● ACTIVITY: Starting at the first line of the data, print every line up to and including the one with "98.6l-.7-.4a1.7 1.7 0", but no pictures.

● MATERIAL SHOWN:

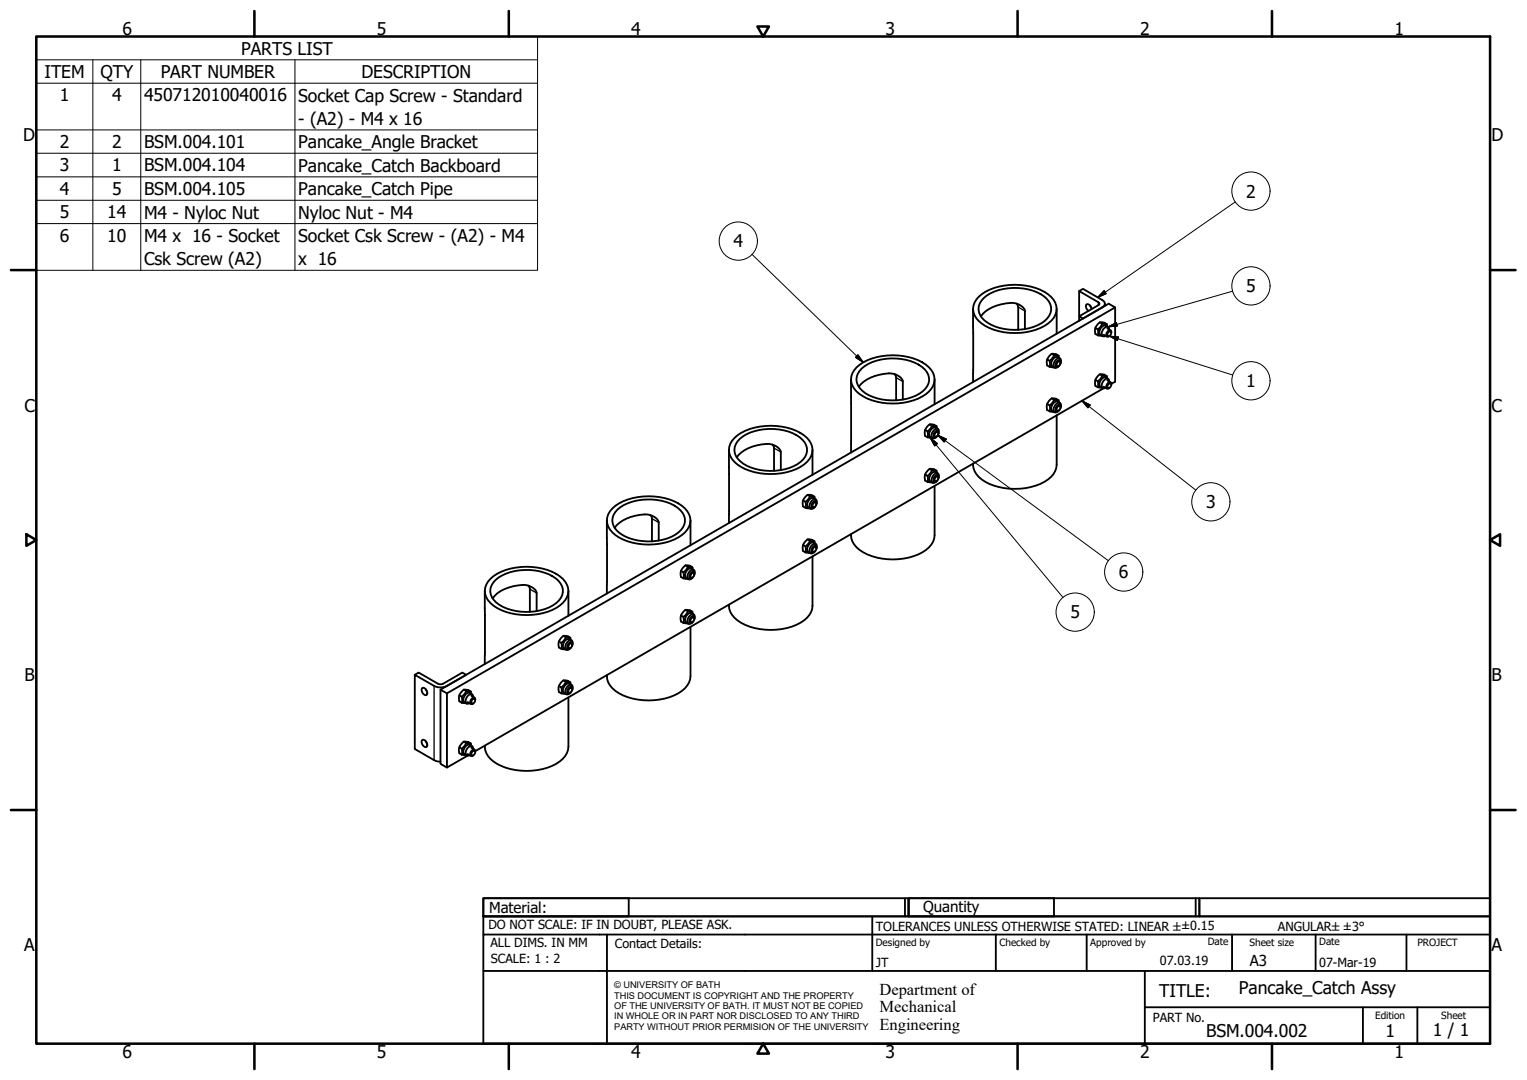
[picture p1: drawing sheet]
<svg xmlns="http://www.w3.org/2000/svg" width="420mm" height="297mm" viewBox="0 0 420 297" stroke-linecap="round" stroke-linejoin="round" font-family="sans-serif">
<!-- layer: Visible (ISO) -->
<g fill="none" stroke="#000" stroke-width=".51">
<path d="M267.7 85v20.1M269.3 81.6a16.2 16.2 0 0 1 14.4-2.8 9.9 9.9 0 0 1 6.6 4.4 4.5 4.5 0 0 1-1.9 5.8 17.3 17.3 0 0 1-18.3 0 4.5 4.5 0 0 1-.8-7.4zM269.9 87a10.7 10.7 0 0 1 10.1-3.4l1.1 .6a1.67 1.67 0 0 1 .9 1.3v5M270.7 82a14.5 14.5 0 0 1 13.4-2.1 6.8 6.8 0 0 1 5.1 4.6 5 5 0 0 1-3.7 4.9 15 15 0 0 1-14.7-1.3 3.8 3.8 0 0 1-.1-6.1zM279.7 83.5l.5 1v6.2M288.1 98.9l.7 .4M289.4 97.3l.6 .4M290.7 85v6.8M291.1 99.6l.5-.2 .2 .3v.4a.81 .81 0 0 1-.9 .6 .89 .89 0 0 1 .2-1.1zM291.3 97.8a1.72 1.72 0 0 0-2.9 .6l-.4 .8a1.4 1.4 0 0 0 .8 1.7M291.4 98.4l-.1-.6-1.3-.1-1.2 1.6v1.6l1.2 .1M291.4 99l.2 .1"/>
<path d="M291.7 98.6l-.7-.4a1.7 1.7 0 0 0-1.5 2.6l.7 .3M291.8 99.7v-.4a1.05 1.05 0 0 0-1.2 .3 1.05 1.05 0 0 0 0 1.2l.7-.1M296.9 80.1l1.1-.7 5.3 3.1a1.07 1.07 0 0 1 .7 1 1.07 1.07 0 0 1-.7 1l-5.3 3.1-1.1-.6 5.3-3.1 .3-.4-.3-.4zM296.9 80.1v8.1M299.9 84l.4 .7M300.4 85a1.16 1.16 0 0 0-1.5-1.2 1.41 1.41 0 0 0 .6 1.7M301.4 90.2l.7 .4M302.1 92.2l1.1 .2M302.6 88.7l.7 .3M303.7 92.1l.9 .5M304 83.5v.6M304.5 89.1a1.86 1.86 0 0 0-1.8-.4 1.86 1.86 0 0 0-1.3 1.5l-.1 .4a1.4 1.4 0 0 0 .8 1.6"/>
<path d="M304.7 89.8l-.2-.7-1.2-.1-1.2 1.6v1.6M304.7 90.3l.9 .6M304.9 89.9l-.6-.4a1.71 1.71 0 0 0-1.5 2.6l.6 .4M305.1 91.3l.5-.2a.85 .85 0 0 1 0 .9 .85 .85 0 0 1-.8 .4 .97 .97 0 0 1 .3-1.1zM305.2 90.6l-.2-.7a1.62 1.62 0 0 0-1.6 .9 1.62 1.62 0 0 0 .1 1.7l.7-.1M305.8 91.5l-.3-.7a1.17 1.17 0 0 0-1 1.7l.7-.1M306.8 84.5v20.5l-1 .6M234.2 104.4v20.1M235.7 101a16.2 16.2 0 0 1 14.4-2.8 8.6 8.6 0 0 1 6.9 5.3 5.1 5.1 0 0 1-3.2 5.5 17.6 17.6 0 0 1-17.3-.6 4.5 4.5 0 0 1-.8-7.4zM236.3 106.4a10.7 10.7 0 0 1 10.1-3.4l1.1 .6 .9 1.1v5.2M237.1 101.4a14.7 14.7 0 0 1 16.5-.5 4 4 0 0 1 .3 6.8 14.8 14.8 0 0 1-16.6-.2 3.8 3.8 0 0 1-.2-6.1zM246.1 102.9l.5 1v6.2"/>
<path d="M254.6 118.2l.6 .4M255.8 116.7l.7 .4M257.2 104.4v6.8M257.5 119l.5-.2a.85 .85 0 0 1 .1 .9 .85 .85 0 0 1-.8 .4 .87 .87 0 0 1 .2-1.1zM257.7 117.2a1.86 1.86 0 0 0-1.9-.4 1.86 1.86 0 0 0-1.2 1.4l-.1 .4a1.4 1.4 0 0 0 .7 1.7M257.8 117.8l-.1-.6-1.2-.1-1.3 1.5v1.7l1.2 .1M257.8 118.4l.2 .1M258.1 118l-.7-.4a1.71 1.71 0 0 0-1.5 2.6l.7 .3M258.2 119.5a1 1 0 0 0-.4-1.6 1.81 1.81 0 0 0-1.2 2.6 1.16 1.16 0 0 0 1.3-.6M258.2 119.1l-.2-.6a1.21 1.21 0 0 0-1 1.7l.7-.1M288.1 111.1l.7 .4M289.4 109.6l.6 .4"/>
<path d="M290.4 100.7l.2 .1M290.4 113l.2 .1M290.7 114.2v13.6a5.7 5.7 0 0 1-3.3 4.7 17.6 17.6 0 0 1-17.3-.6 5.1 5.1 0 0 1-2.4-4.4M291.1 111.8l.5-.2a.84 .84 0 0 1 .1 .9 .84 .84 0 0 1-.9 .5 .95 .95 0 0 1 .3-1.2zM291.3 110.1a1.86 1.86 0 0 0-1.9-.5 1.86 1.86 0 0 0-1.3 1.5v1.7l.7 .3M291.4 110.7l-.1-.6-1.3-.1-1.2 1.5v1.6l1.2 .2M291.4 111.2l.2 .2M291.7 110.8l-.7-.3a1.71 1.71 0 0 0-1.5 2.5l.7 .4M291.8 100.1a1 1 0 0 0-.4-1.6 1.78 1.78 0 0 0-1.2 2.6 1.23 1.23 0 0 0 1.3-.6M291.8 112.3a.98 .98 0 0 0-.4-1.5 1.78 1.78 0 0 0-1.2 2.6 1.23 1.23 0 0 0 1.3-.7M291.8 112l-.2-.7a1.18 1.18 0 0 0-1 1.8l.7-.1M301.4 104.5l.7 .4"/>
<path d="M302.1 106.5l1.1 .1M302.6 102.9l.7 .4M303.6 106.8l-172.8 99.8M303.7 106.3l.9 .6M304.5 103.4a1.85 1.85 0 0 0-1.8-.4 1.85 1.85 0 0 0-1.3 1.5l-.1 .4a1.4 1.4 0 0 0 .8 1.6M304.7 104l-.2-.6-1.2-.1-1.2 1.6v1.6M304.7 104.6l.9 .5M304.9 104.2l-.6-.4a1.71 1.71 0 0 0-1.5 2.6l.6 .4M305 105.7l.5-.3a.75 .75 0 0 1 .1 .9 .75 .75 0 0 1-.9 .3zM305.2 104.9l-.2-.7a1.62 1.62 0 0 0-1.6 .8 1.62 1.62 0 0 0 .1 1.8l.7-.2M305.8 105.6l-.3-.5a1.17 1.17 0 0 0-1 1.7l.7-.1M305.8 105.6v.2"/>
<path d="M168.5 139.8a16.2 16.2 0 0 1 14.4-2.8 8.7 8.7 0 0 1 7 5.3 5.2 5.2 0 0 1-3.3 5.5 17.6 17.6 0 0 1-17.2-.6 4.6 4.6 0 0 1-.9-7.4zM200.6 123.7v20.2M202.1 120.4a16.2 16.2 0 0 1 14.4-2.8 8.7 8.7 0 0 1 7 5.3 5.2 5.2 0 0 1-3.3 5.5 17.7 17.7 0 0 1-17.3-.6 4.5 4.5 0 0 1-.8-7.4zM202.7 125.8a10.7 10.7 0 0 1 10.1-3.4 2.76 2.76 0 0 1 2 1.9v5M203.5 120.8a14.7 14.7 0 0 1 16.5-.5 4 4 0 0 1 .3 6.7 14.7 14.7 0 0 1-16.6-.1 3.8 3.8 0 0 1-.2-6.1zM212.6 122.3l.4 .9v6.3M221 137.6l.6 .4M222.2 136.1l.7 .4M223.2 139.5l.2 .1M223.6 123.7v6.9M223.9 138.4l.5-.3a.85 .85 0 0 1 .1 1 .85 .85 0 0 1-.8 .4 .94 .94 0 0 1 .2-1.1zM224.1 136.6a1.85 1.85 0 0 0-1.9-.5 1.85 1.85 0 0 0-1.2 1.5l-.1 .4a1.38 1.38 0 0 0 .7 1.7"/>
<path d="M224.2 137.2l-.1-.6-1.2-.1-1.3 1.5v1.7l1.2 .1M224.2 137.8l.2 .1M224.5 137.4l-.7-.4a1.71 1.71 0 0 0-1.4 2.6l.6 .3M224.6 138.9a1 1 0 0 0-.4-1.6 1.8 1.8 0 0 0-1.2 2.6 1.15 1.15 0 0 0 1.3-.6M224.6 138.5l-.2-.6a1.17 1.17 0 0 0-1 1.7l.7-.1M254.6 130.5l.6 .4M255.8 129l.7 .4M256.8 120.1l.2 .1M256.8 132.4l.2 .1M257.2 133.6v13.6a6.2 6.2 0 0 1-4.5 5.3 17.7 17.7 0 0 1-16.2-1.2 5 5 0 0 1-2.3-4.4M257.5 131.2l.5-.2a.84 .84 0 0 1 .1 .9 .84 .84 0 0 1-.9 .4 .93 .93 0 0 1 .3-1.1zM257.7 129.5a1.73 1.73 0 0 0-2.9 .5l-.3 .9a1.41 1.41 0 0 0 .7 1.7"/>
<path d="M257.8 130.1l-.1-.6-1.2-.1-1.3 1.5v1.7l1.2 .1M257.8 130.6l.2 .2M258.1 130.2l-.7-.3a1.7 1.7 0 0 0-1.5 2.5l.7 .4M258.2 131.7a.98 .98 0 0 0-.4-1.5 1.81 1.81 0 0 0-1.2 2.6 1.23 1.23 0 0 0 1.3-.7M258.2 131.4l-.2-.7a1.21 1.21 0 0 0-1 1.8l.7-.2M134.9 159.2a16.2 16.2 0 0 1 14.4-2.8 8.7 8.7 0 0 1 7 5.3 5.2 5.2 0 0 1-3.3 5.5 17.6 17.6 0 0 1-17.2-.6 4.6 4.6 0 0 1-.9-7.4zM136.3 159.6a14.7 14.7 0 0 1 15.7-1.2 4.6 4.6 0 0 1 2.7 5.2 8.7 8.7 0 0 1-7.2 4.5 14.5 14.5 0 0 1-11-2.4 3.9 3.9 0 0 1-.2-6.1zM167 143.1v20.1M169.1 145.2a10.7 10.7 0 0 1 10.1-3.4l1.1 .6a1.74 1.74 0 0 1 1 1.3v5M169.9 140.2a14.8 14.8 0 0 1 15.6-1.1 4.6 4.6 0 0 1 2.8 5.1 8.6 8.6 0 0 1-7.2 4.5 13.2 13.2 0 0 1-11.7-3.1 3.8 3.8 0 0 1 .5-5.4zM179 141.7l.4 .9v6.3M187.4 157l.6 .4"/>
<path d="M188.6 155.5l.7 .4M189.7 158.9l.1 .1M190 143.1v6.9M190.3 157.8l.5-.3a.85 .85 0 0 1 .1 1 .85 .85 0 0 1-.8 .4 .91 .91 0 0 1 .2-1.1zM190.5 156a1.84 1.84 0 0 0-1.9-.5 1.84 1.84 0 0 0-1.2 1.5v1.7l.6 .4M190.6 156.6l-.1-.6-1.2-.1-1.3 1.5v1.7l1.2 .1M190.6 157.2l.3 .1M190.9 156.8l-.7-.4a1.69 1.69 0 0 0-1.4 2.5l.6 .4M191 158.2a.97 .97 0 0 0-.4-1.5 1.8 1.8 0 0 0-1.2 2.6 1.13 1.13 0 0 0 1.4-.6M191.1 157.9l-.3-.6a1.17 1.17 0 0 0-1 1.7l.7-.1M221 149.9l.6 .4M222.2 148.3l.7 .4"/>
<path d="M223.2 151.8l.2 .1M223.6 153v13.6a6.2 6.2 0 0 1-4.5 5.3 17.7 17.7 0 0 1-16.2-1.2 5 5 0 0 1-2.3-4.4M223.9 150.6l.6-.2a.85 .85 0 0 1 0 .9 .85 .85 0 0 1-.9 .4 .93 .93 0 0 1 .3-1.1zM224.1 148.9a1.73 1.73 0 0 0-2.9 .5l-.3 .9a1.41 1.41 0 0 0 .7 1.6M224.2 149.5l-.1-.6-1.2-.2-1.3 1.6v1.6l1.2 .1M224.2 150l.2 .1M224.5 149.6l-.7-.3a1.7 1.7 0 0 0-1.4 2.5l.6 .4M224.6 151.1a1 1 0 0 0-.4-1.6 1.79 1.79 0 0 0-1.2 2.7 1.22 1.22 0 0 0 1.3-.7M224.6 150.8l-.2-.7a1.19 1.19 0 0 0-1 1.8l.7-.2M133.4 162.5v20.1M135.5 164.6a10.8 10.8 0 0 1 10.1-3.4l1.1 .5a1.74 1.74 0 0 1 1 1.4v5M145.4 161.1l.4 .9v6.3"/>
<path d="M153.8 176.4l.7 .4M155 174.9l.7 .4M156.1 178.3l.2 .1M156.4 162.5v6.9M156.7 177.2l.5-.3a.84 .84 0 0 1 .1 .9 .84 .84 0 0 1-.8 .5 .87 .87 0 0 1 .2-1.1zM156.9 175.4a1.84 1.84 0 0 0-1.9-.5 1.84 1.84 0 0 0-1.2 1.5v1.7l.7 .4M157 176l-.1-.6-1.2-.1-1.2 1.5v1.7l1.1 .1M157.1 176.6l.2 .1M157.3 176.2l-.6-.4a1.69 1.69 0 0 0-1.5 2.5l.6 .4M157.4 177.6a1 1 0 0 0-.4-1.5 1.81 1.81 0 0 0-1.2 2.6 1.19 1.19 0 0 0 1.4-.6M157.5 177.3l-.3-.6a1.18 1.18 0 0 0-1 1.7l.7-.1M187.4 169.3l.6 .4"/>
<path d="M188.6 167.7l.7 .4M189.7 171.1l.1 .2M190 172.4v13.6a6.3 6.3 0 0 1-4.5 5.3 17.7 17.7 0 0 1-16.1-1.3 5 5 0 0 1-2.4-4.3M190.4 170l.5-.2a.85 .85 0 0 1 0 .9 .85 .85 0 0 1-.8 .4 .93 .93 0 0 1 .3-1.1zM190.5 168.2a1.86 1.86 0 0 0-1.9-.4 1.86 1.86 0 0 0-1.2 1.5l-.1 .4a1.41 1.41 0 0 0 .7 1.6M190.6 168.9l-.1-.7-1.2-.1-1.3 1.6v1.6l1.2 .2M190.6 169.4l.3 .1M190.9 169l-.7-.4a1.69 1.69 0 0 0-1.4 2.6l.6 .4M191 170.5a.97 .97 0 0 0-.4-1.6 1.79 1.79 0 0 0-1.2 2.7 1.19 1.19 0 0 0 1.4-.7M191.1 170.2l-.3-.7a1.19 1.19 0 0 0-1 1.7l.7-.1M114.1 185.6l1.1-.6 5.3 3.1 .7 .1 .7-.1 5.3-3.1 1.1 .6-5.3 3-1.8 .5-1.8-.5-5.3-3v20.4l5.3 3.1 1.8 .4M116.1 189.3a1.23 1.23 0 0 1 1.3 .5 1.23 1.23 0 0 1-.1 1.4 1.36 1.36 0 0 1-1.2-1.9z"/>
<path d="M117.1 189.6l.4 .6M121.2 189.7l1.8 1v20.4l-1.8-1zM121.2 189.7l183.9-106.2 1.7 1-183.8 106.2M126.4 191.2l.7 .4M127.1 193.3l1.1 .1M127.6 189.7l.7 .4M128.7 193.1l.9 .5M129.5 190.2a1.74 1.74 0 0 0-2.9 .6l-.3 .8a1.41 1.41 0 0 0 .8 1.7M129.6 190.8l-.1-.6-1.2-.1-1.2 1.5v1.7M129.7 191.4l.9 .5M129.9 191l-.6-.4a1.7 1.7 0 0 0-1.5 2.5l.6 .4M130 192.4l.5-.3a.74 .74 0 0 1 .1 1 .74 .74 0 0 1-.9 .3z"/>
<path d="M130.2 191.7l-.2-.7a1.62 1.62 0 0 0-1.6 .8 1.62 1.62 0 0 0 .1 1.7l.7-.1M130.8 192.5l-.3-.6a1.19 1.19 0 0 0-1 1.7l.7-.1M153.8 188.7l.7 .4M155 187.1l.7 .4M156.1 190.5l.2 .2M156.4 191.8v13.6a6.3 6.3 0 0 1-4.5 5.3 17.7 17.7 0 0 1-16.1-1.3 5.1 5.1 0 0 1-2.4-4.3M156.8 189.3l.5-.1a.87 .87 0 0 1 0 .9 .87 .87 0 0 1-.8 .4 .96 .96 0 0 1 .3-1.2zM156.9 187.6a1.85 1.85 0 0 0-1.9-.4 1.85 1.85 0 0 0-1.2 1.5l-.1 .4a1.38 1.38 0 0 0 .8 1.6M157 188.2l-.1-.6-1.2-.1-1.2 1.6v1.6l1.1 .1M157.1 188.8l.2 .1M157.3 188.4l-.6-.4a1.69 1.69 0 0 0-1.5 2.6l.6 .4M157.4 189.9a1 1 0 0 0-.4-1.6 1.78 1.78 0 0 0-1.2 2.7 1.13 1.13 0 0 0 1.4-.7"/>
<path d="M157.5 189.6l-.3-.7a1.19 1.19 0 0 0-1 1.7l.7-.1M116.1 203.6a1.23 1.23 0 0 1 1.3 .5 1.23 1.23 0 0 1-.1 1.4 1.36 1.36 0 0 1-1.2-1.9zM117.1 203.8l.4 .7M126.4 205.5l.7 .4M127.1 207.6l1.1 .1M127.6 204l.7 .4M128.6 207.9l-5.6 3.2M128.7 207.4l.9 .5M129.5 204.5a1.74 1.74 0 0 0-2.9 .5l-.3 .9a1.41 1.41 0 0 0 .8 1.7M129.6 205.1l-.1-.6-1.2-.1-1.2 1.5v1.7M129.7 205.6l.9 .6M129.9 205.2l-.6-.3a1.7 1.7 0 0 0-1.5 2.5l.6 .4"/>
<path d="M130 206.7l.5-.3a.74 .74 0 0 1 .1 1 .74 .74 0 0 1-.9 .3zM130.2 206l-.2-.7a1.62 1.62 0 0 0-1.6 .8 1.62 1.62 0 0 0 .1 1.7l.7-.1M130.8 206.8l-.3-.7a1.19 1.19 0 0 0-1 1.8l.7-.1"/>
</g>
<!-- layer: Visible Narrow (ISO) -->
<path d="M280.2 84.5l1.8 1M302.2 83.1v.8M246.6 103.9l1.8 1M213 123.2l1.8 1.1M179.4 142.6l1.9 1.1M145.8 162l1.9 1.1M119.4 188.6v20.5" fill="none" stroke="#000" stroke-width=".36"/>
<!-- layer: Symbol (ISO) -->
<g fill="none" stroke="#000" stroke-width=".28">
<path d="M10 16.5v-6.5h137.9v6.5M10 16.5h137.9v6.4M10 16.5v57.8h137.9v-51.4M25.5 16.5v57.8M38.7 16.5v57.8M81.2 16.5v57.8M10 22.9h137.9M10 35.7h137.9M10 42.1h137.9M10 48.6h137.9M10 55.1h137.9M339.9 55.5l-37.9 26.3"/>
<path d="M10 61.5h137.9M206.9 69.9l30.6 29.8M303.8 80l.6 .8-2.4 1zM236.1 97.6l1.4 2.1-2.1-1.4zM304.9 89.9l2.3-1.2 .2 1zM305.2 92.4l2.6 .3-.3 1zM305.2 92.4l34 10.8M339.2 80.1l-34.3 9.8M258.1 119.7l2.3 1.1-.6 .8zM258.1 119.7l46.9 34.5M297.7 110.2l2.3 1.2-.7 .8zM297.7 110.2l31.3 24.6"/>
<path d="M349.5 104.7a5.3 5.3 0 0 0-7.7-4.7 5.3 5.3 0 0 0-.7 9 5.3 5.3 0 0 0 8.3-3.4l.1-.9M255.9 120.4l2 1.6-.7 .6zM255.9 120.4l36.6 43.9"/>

● RESULT:
[picture p1: drawing sheet]
<svg xmlns="http://www.w3.org/2000/svg" width="420mm" height="297mm" viewBox="0 0 420 297" stroke-linecap="round" stroke-linejoin="round" font-family="sans-serif">
<!-- layer: Visible (ISO) -->
<g fill="none" stroke="#000" stroke-width=".51">
<path d="M267.7 85v20.1M269.3 81.6a16.2 16.2 0 0 1 14.4-2.8 9.9 9.9 0 0 1 6.6 4.4 4.5 4.5 0 0 1-1.9 5.8 17.3 17.3 0 0 1-18.3 0 4.5 4.5 0 0 1-.8-7.4zM269.9 87a10.7 10.7 0 0 1 10.1-3.4l1.1 .6a1.67 1.67 0 0 1 .9 1.3v5M270.7 82a14.5 14.5 0 0 1 13.4-2.1 6.8 6.8 0 0 1 5.1 4.6 5 5 0 0 1-3.7 4.9 15 15 0 0 1-14.7-1.3 3.8 3.8 0 0 1-.1-6.1zM279.7 83.5l.5 1v6.2M288.1 98.9l.7 .4M289.4 97.3l.6 .4M290.7 85v6.8M291.1 99.6l.5-.2 .2 .3v.4a.81 .81 0 0 1-.9 .6 .89 .89 0 0 1 .2-1.1zM291.3 97.8a1.72 1.72 0 0 0-2.9 .6l-.4 .8a1.4 1.4 0 0 0 .8 1.7M291.4 98.4l-.1-.6-1.3-.1-1.2 1.6v1.6l1.2 .1M291.4 99l.2 .1"/>
<path d="M291.7 98.6l-.7-.4a1.7 1.7 0 0 0-1.5 2.6l.7 .3M291.8 99.7v-.4a1.05 1.05 0 0 0-1.2 .3 1.05 1.05 0 0 0 0 1.2l.7-.1M296.9 80.1l1.1-.7 5.3 3.1a1.07 1.07 0 0 1 .7 1 1.07 1.07 0 0 1-.7 1l-5.3 3.1-1.1-.6 5.3-3.1 .3-.4-.3-.4zM296.9 80.1v8.1M299.9 84l.4 .7M300.4 85a1.16 1.16 0 0 0-1.5-1.2 1.41 1.41 0 0 0 .6 1.7M301.4 90.2l.7 .4M302.1 92.2l1.1 .2M302.6 88.7l.7 .3M303.7 92.1l.9 .5M304 83.5v.6M304.5 89.1a1.86 1.86 0 0 0-1.8-.4 1.86 1.86 0 0 0-1.3 1.5l-.1 .4a1.4 1.4 0 0 0 .8 1.6"/>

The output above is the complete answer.